I have the e.g. [100,30] data frame, I would like to find which rows have more than 20 columns with values? Well all rows have 30 columns, but some of them have NaN values, therefore I set a limit of 20 columns and I wanna find which rows have values for the column after col.iloc = 20
For example, even though at row number 05 we have more Nan value, due to distribution I would like to find which rows have more than 3 columns either with the value of X or Nan (in the table below I want to find the index of rows number 1, 3, 4 and 7. because they have value for the columns after index.column=3, and my question is among the large data set how should I find them).

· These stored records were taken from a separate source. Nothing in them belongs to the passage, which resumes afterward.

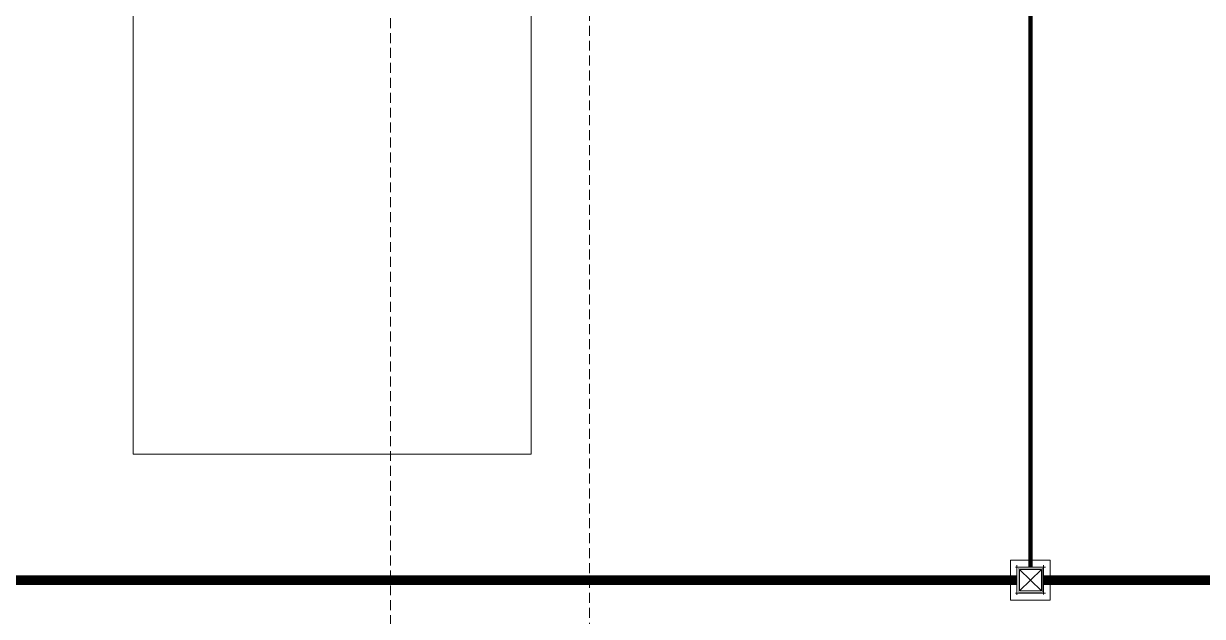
# Model space of a CAD drawing. Header units: millimetres. Extents: x 553474 to 556484, y 6145926 to 6146600.
# Drawn here: x 556177.59 to 556207.22, y 6146147.36 to 6146162.26 of the extents above; entities that cross this region are included whole.
import ezdxf

# ---------------------------------------------------------------- set-up
doc = ezdxf.new("R2010")
doc.units = ezdxf.units.MM
doc.linetypes.add('DASHED2', pattern=[9.525, 6.35, -3.175])
doc.linetypes.add('HIDDEN', pattern=[0.375, 0.25, -0.125])
doc.layers.add('8', color=8, linetype='Continuous', lineweight=0)
doc.linetypes.add('ZIGZAG', pattern='A,0.00254,-5.08,[131,ltypeshp.shx,S=5.08,R=0,X=-5.08,Y=0],-10.16,[131,ltypeshp.shx,S=5.08,R=180,X=5.08,Y=0],-5.08', length=20.32254)

# ---------------------------------------------------------------- blocks, each defined once
blk = doc.blocks.new('cinsc-60')
for p, q in [((0, 0.369), (0, -0.369)), ((0.67, 0.369), (0.67, -0.372))]:
    blk.add_line(p, q)
at = {"linetype": 'DASHED2'}
for p, q in [((0.053, 0.264), (0.604, -0.275)), ((0.604, 0.264), (0.053, -0.275))]:
    blk.add_line(p, q, dxfattribs=at)
for points in [[(0.706, 0.324), (-0.053, 0.324)], [(0.706, -0.336), (-0.047, -0.336)]]:
    blk.add_lwpolyline(points)
at = {"const_width": 0.00952}
blk.add_lwpolyline([(0.631, 0.294), (0.631, -0.306), (0.031, -0.306), (0.031, 0.294)], close=True, dxfattribs=at)
at = {"linetype": 'DASHED2'}
blk.add_lwpolyline([(0.053, 0.264), (0.053, -0.275), (0.604, -0.275), (0.604, 0.264)], close=True, dxfattribs=at)

msp = doc.modelspace()

# ---------------------------------------------------------------- linework, layer by layer
at = {"layer": '8', "linetype": 'HIDDEN'}
for p, q in [((556186.813, 6146238.144), (556186.813, 6146037.858)), ((556191.821, 6146146.953), (556191.821, 6146227.798))]:
    msp.add_line(p, q, dxfattribs=at)
at = {"layer": '8'}
for p, q in [((556202.4, 6146148.775, 9.796), (556203.4, 6146148.775, 9.796)), ((556202.4, 6146147.775, 9.796), (556202.4, 6146148.775, 9.796)), ((556203.4, 6146148.775, 9.796), (556203.4, 6146147.775, 9.796)), ((556202.4, 6146147.775, 9.796), (556203.4, 6146147.775, 9.796))]:
    msp.add_line(p, q, dxfattribs=at)
at = {"layer": '8', "const_width": 0.11}
msp.add_lwpolyline([(556202.902, 6146148.604), (556202.902, 6146173.885)], dxfattribs=at)
at = {"layer": '8', "linetype": 'ZIGZAG', "ltscale": 0.02}
msp.add_lwpolyline([(556180.351, 6146151.441), (556190.351, 6146151.441), (556190.351, 6146166.441), (556180.351, 6146166.441), (556180.351, 6146151.441)], dxfattribs=at)
at = {"layer": '8', "const_width": 0.25, "elevation": 9.796}
for points in [[(556202.561, 6146148.275), (556086.913, 6146148.275)], [(556284.271, 6146148.275), (556203.231, 6146148.275)]]:
    msp.add_lwpolyline(points, dxfattribs=at)

# ---------------------------------------------------------------- block references
at = {"layer": '8', "xscale": -1}
msp.add_blockref('cinsc-60', (556203.231, 6146148.281, 9.796), dxfattribs=at)

doc.saveas('drawing.dxf')

ID | Col.01 | Col.02 | Col.03 | Col.04 | Col.05 |
---|---|---|---|---|---|
01 | X | X | X | X | X |
02 | X | X | X | Nan | Nan |
03 | X | X | X | X | X |
04 | X | X | X | X | Nan |
05 | X | Nan | Nan | Nan | Nan |
06 | X | X | X | Nan | Nan |
07 | X | X | X | X | Nan |
My expected result:
I find out that the ID of the row: 1,3,4,7 are the rows have values in column>3, so I can delete them after that
ID | Col.01 | Col.02 | Col.03 | Col.04 | Col.05 |
---|---|---|---|---|---|
02 | X | X | X | Nan | Nan |
05 | X | Nan | Nan | Nan | Nan |
06 | X | X | X | Nan | Nan |
but in large dataframe It would not that easy
CodePudding user response:
You can use
df.column.isna().sum()
to find the number of NaN values in a column. Refer to this answer.
CodePudding user response:
Try
out = df[df.iloc[:, 4:].isna().all(axis=1)]
print(out)
# Output
ID Col.01 Col.02 Col.03 Col.04 Col.05
1 02 X X X NaN NaN
4 05 X NaN NaN NaN NaN
5 06 X X X NaN NaN
If your columns have names, you can use df.loc[:, 'Col.04':]
instead of df.iloc[:, 4:]
.